Humans have a very wide field of view, where cameras usually do not. In order to obtain images that are wide angle, we must combine multiple photographs into a single image.
Problems can arise, however, when the images do not line up perfectly so that we cannot just place them side-by-side and obtain a perfect photograph. We must transform the image, align them, and then combine them to make a panorama. This purpose of this project was to automate the process of finding interest points in the images, comparing and matching them, finding the best transformation for the images, aligning them, and finally, combining them.
The steps of creating a panorama are as follows: find the interest points, sort the interest points, extract features from these points, match the features between images, find the transformation that aligns the features, and finally combining the images. To obtain interest points, we used the Harris Interest Point Detection algorithm.
The Harris algorithm returns all the interest points, whereas we only need a few that are well distributed over the images. We used adaptive non-maximal suppression to bring down the number of interest points. This involved looping through all the interest points, comparing their corner strengths to each of the other interest points' corner strengths, and tracking the minimal distance to an interest point with a larger (or 90% as large) corner strength. Then, we took N interest points with the largest distances between them.
Feature extraction involved obtaining an 8×8 patch by sub-sampling a 40×40 grayscale window around the interest point. Then, this feature patch needed to be normalized by subtracting from it its mean and dividing by its standard deviation.
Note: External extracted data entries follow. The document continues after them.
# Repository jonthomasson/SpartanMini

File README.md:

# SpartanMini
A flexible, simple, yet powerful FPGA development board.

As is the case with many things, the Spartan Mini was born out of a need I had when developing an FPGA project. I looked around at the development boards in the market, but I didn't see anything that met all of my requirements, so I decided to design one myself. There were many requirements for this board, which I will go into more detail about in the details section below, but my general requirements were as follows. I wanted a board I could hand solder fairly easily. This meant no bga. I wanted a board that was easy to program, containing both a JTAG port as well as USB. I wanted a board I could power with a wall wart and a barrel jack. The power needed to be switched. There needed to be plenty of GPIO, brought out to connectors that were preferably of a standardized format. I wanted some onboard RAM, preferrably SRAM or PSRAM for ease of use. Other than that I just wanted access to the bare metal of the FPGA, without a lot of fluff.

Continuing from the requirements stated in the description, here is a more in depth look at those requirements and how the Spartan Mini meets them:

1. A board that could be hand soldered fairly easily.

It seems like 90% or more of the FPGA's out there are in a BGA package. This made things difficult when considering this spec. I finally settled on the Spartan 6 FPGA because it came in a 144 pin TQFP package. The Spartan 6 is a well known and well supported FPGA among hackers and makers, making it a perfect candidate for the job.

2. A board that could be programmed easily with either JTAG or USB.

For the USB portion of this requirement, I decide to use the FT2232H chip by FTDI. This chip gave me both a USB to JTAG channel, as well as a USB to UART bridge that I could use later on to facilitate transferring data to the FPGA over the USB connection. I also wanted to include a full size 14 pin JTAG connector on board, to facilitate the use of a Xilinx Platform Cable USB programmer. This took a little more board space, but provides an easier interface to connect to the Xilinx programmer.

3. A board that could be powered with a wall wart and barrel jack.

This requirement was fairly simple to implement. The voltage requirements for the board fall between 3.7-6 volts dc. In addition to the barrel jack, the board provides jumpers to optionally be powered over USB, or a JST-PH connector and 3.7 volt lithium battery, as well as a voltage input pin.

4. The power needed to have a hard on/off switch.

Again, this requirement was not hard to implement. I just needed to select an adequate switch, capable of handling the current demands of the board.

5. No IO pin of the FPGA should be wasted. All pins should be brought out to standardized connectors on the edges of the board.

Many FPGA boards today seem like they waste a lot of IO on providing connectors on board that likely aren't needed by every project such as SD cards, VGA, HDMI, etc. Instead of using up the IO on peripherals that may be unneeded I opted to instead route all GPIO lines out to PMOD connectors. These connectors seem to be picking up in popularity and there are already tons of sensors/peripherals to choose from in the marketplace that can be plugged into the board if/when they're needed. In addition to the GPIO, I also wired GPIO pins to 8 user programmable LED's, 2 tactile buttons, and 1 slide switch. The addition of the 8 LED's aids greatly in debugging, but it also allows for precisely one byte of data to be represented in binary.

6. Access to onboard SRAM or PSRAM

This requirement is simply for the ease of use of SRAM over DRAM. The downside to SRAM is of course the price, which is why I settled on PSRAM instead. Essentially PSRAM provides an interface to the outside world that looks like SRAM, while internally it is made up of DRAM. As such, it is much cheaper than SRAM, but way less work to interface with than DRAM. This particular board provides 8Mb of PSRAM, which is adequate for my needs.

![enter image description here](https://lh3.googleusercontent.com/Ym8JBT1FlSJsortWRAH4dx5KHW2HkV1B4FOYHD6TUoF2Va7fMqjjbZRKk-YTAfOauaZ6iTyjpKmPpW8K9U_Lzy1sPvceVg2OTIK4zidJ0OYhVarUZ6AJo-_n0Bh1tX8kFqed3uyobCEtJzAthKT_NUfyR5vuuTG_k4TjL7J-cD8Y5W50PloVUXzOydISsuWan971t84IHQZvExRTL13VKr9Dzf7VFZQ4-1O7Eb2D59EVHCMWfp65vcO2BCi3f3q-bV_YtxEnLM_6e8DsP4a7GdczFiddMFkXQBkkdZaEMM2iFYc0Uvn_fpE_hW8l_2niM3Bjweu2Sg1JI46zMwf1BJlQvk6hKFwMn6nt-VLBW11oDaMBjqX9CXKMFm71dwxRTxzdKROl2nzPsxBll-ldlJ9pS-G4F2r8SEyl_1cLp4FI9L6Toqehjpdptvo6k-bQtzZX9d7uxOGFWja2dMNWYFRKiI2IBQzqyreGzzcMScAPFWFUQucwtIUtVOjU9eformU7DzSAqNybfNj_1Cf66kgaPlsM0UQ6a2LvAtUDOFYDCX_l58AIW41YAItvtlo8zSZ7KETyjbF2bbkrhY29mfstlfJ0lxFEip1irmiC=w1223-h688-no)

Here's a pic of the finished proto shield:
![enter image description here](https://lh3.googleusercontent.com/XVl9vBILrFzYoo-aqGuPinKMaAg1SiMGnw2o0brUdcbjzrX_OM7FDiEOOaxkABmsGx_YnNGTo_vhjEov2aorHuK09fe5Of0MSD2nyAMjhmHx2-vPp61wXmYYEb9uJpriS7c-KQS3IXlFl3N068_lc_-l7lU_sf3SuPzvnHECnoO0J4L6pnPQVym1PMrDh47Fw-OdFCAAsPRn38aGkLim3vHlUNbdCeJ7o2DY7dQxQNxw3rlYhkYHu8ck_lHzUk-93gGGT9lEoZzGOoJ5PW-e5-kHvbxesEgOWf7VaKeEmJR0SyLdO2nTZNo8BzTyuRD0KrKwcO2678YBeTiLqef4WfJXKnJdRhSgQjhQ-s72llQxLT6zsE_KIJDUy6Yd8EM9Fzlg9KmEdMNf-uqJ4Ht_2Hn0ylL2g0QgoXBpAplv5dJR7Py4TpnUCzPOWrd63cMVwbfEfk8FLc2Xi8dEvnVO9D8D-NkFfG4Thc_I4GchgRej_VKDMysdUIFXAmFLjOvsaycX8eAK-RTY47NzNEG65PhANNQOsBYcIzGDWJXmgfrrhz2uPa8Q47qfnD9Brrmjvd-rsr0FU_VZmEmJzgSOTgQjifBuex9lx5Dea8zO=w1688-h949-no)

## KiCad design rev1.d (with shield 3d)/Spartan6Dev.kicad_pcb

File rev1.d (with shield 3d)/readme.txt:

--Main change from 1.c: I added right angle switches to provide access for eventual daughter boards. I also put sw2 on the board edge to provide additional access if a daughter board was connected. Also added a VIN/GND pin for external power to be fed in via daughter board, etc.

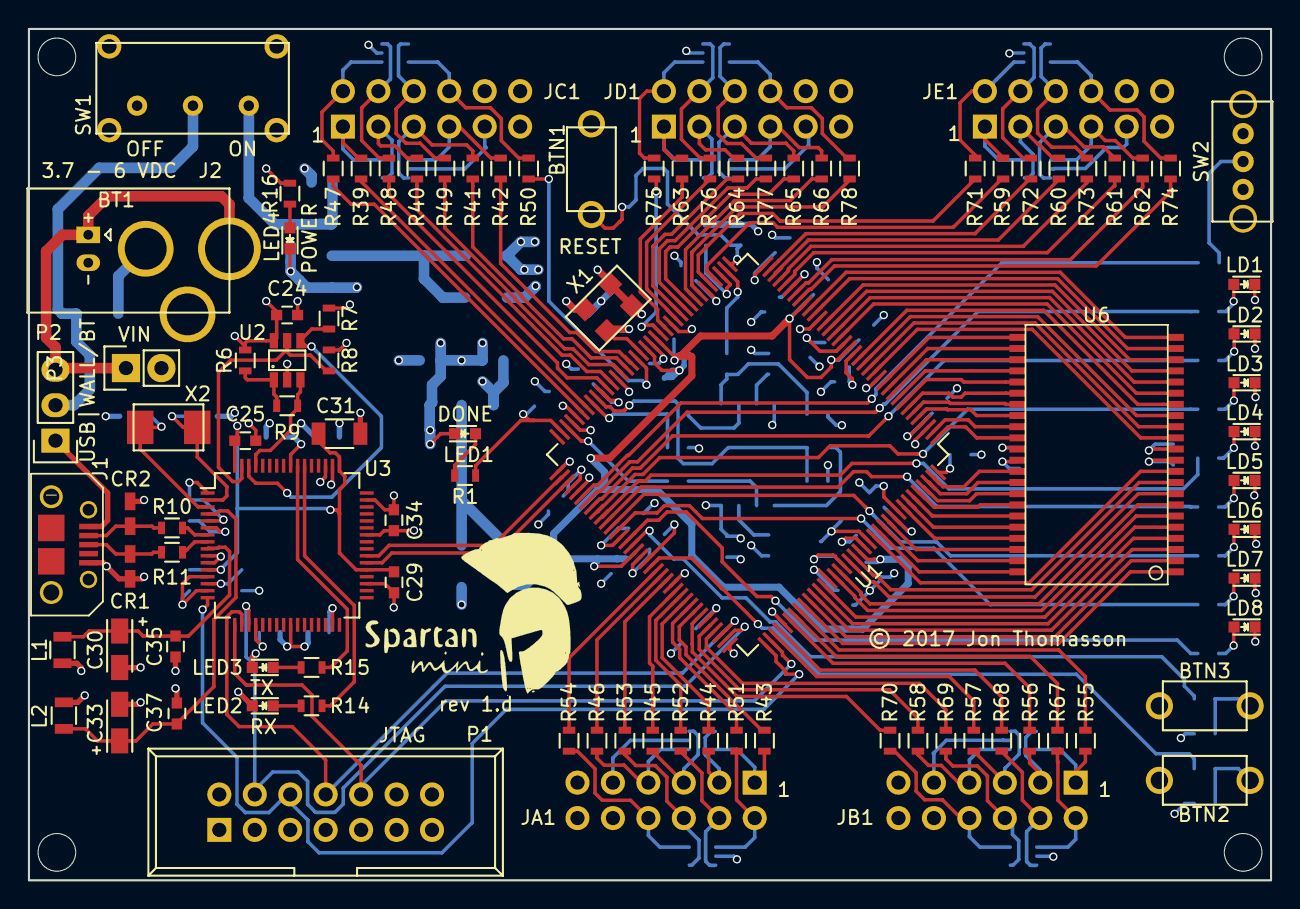
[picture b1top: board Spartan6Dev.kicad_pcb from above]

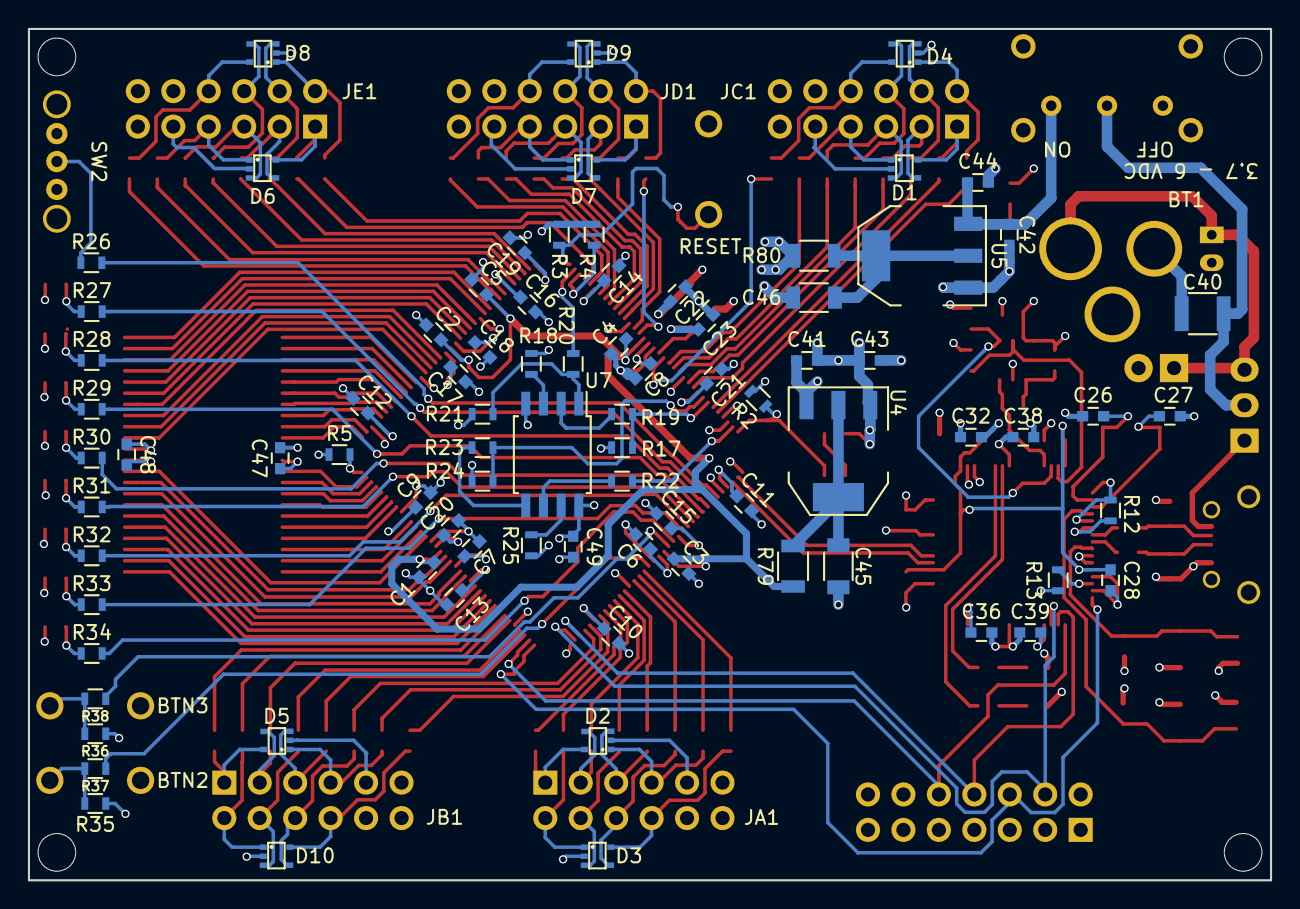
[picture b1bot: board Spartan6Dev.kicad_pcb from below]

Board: 4 copper layers, 89.0 x 61.0 mm, 180 parts (83 on the bottom side), 193 nets.

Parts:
BT1: JST-PH 3.7V BAT; JST_PH_S2B-PH-K_02x2.00mm
BTN1: BTN_RESET; SWITCH_1825966_1
BTN2, BTN3: BTN_PUSH; SWITCH_1825966_1
C1, C2, C3, C4, C5, C6, C7, C8, C9, C10, C11, C12, C13, C14, C15, C16, C17, C18, C19, C20, C21, C24, C25, C28, C29, C32, C34, C35, C36, C37, C38, C39, C41, C42, C47, C48, C49: .1uF; C_0603
C22: .01uF; C_0603
C23, C26, C27: 18pF; C_0603
C30, C33: 4.7uF; TantalC_SizeA_EIA-3216_Reflow
C31: 3.3uF; C_1206
C40: 47uF; C_1210
C43, C44: 1uF; C_0603
C45, C46: 10uF; C_1206
CR1, CR2: D_TVS; D_TVS_PGB1010603
D1, D2, D3, D4, D5, D6, D7, D8, D9, D10: NSQA6V8AW5T2; SOT323_5_NSQA6V8AW5T2
J1: USB MICRO; MICRO_USB_10118194
J2: BARREL_JACK; Barrel_Jack_PJ002A
JA1: PMA; Socket_Strip_Angled_2x06_PMOD
JB1: PMB; Socket_Strip_Angled_2x06_PMOD
JC1: PMC; Socket_Strip_Angled_2x06_PMOD
JD1: PMD; Socket_Strip_Angled_2x06_PMOD
JE1: PME; Socket_Strip_Angled_2x06_PMOD
L1, L2: L_Small; R_0805
LD1, LD2, LD3, LD4, LD5, LD6, LD7, LD8: LED; LED_0603
LED1: DONE_LED; LED_0603
LED2: RX_LED; LED_0603
LED3: TX_LED; LED_0603
LED4: PWR_LED; LED_0603
P1: JTAG; IDC_Header_Straight_14pins
P2: PWR_SELECT; Pin_Header_Straight_1x03
P3: VIN; Pin_Header_Straight_1x02
R1, R2, R14, R15: 220; R_0603
R3, R4, R5: 4.7K; R_0603
R6, R7, R8, R17, R20, R21, R24, R25, R26, R35, R36, R37, R38: 10K; R_0603
R9: 2K; R_0603
R10, R11: 10; R_0603
R12: 12K; R_0603
R13: 1K; R_0603
R16: 470; R_0603
R18, R19, R22, R23, R43, R44, R45, R46, R51, R52, R53, R54, R55, R56, R57, R58, R67, R68, R69, R70: 0; R_0603
R27, R28, R29, R30, R31, R32, R33, R34: 330; R_0603
R39, R40, R41, R42, R47, R48, R49, R50, R59, R60, R61, R62, R63, R64, R65, R66, R71, R72, R73, R74, R75, R76, R77, R78: 200; R_0603
R79, R80: 0; R_1206
SW1: SWITCH_PWR; SWITCH_SPDT_EG1224
SW2: SWITCH_INV; SWITCH_SPDT_OS102011MA1QN1
U1: XC6SLX9-2TQG144C; TQFP-144_20x20mm_Pitch0.5mm
U2: 93LC46B; SOT-23-6
U3: FT2232H; LQFP-64_10x10mm_Pitch0.5mm
U4: TLV1117LV12; SOT-223
U5: TLV1117LV33; SOT-223
U6: IS66WV51216EBL; tsop2-44
U7: M25P16; SOIJ-8_5.3x5.3mm_Pitch1.27mm
X1: FXO-HC536R; OSCILLATOR_FXO_HC53
X2: 12MHz; CRYSTAL_ABM3

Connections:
/fpga/A0: U1.121, U6.5
/fpga/A1: U1.120, U6.4
/fpga/A2: U1.119, U6.3
/fpga/A3: U1.118, U6.2
/fpga/A4: U1.117, U6.1
/fpga/A5: U1.132, U6.44
/fpga/A6: U1.133, U6.43
/fpga/A7: U1.134, U6.42
/fpga/A8: U1.8, U6.27
/fpga/A9: U1.9, U6.26
/fpga/A10: U1.10, U6.25
/fpga/A11: U1.11, U6.24
/fpga/A12: U1.27, U6.22
/fpga/A13: U1.26, U6.21
/fpga/A14: U1.24, U6.20
/fpga/A15: U1.23, U6.19
/fpga/A16: U1.22, U6.18
/fpga/A17: U1.12, U6.23
/fpga/A18: U1.7, U6.28
/fpga/BTN0: R37.1, U1.92
/fpga/BTN1: R38.1, U1.88
/fpga/CS: U1.123, U6.6
/fpga/D0: U1.124, U6.7
/fpga/D1: U1.126, U6.8
/fpga/D2: U1.127, U6.9
/fpga/D3: U1.131, U6.10
/fpga/D4: U1.14, U6.13
/fpga/D5: U1.15, U6.14
/fpga/D6: U1.16, U6.15
/fpga/D7: U1.17, U6.16
/fpga/D8: U1.6, U6.29
/fpga/D9: U1.5, U6.30
/fpga/D10: U1.2, U6.31
/fpga/D11: U1.1, U6.32
/fpga/D12: U1.143, U6.35
/fpga/D13: U1.142, U6.36
/fpga/D14: U1.141, U6.37
/fpga/D15: U1.140, U6.38
/fpga/DONE: R1.2, R2.1, U1.71
/fpga/GCLK: C23.1, U1.55, X1.3
/fpga/HSWAP: R5.2, U1.144
/fpga/INIT_B: R4.2, U1.39
/fpga/LB: U1.139, U6.39
/fpga/LED0: R27.2, U1.79
/fpga/LED1: R28.2, U1.80
/fpga/LED2: R29.2, U1.81
/fpga/LED3: R30.2, U1.82
/fpga/LED4: R31.2, U1.83
/fpga/LED5: R32.2, U1.84
/fpga/LED6: R33.2, U1.85
/fpga/LED7: R34.2, U1.87
/fpga/OE: U1.137, U6.41
/fpga/PMA0: R43.2, U1.101
/fpga/PMA1: R44.2, U1.99
/fpga/PMA2: R45.2, U1.97
/fpga/PMA3: R46.2, U1.94
/fpga/PMA4: R51.2, U1.100
/fpga/PMA5: R52.2, U1.98
/fpga/PMA6: R53.2, U1.95
/fpga/PMA7: R54.2, U1.93
/fpga/PMB0: R55.2, U1.116
/fpga/PMB1: R56.2, U1.114
/fpga/PMB2: R57.2, U1.111
/fpga/PMB3: R58.2, U1.104
/fpga/PMB4: R67.2, U1.115
/fpga/PMB5: R68.2, U1.112
/fpga/PMB6: R69.2, U1.105
/fpga/PMB7: R70.2, U1.102
/fpga/PMC0: R39.2, U1.66
/fpga/PMC1: R40.2, U1.61
/fpga/PMC2: R41.2, U1.58
/fpga/PMC3: R42.2, U1.57
/fpga/PMC4: R47.2, U1.67
/fpga/PMC5: R48.2, U1.62
/fpga/PMC6: R49.2, U1.59
/fpga/PMC7: R50.2, U1.56
/fpga/PMD0: R63.2, U1.50
/fpga/PMD1: R64.2, U1.47
/fpga/PMD2: R65.2, U1.45
/fpga/PMD3: R66.2, U1.44
/fpga/PMD4: R75.2, U1.51
/fpga/PMD5: R76.2, U1.48
/fpga/PMD6: R77.2, U1.46
/fpga/PMD7: R78.2, U1.43
/fpga/PME0: R59.2, U1.40
/fpga/PME1: R60.2, U1.34
/fpga/PME2: R61.2, U1.32
/fpga/PME3: R62.2, U1.30
/fpga/PME4: R71.2, U1.41
/fpga/PME5: R72.2, U1.35
/fpga/PME6: R73.2, U1.33
/fpga/PME7: R74.2, U1.29
/fpga/PROGB: BTN1.2, R3.2, U1.37
/fpga/RXD: U1.74, U3.39
/fpga/SCK: R22.1, U1.70
/fpga/SCS: R18.2, U1.38
/fpga/SDI: R17.1, R19.2, U1.65
/fpga/SDO: R23.1, R24.1, U1.64
/fpga/SW0: R26.2, U1.78
/fpga/TCK: P1.6, U1.109, U3.16
/fpga/TDI: P1.10, U1.110, U3.17
/fpga/TDO: P1.8, U1.106, U3.18
/fpga/TMS: P1.4, U1.107, U3.19
/fpga/TXD: U1.75, U3.38
/fpga/UB: U1.138, U6.40
/fpga/VCC3V3: BTN2.1, BTN3.1, C6.1, C7.1, C8.1, C9.1, C10.1, C11.1, C12.1, C13.1, C14.1, C15.1, C16.1, C17.1, C18.1, C19.1, C20.1, C21.1, C22.1, C24.1, C32.2, C34.1, C36.1, C38.1, C39.1, C41.1, C43.1, C47.1, C48.1, C49.2, JA1.6, JA1.12, JB1.6, JB1.12, JC1.6, JC1.12, JD1.6, JD1.12, JE1.6, JE1.12, L1.1, L2.1, LED2.2, LED3.2, P1.2, R2.2, R3.1, R4.1, R5.1, R6.1, R7.1, R8.1, R13.2, R16.1, R17.2, R20.1, R21.1, R24.2, R25.1, R80.1, SW2.1, U1.4, U1.18, U1.20, U1.31, U1.36, U1.42, U1.53, U1.63, U1.69, U1.76, U1.86, U1.90, U1.103, U1.122, U1.125, U1.129, U1.135, U2.6, U3.20, U3.31, U3.42, U3.50, U3.56, U4.3, U6.11, U6.33, U7.8, X1.1, X1.4
/fpga/VCCINT: C1.1, C2.1, C3.1, C4.1, C5.1, R79.1, U1.19, U1.28, U1.52, U1.89, U1.128
/fpga/WE: U1.21, U6.17
/power/VCCIN: C40.1, P2.2, SW1.2
/power/VUSB: J1.1, P2.1
/usb/VCORE: C25.1, C28.1, C29.1, C31.1, U3.12, U3.37, U3.49, U3.64
GND: BT1.2, BTN1.1, C1.2, C2.2, C3.2, C4.2, C5.2, C6.2, C7.2, C8.2, C9.2, C10.2, C11.2, C12.2, C13.2, C14.2, C15.2, C16.2, C17.2, C18.2, C19.2, C20.2, C21.2, C22.2, C23.2, C24.2, C25.2, C26.1, C27.1, C28.2, C29.2, C30.2, C31.2, C32.1, C33.2, C34.2, C35.2, C36.2, C37.2, C38.2, C39.2, C40.2, C41.2, C42.2, C43.2, C44.2, C45.2, C46.2, C47.2, C48.2, C49.1, CR1.2, CR2.2, D1.2, D2.2, D3.2, D4.2, D5.2, D6.2, D7.2, D8.2, D9.2, D10.2, J1.5, J2.2, JA1.5, JA1.11, JB1.5, JB1.11, JC1.5, JC1.11, JD1.5, JD1.11, JE1.5, JE1.11, LD1.1, LD2.1, LD3.1, LD4.1, LD5.1, LD6.1, LD7.1, LD8.1, LED1.1, LED4.1, P1.1, P1.3, P1.5, P1.7, P1.9, P1.11, P1.13, P3.2, R12.2, R35.1, R36.1, SW2.3, U1.3, U1.13, U1.25, U1.49, U1.54, U1.60, U1.68, U1.73, U1.77, U1.91, U1.96, U1.108, U1.113, U1.130, U1.136, U2.2, U3.1, U3.5, U3.10, U3.11, U3.13, U3.15, U3.25, U3.35, U3.47, U3.51, U4.1, U5.1, U6.12, U6.34, U7.4, X1.2
unnamed: BT1.1, J2.1, P2.3, P3.1
unnamed: BTN2.2, R35.2, R37.2
unnamed: BTN3.2, R36.2, R38.2
unnamed: C26.2, U3.2, X2.1
unnamed: C27.2, U3.3, X2.2
unnamed: C30.1, C35.1, L1.2, U3.9
unnamed: C33.1, C37.1, L2.2, U3.4
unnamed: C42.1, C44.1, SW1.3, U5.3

To match features, we calculated the distance between pairs of features in the two images. However, we could not just take the best nearest-neighbor points since many correspondences are spurious. Instead, we took the points whose ratio of first nearest neighbor to second nearest neighbor was below a threshold (I used 0.2).
Once we have matching interest points, we must then recover a transformation that aligns the images correctly according to their corresponding interest points. The transformation was calculated by using 4 corresponding pairs of interest points (so 8 points in total) and solving a matrix of a equations that would yield a 3×3 transformation matrix.
Because we may still have non-corresponding points, we used the RANSAC algorithm to expose and expel false positives. The RANSAC algorithm calculates a large number of transformations (>1000), and compares all the transformed interest points to their corresponding point in the other image to a certain threshold. It keeps track of which transformation had the most points fall below that threshold, and uses it as the final transformation.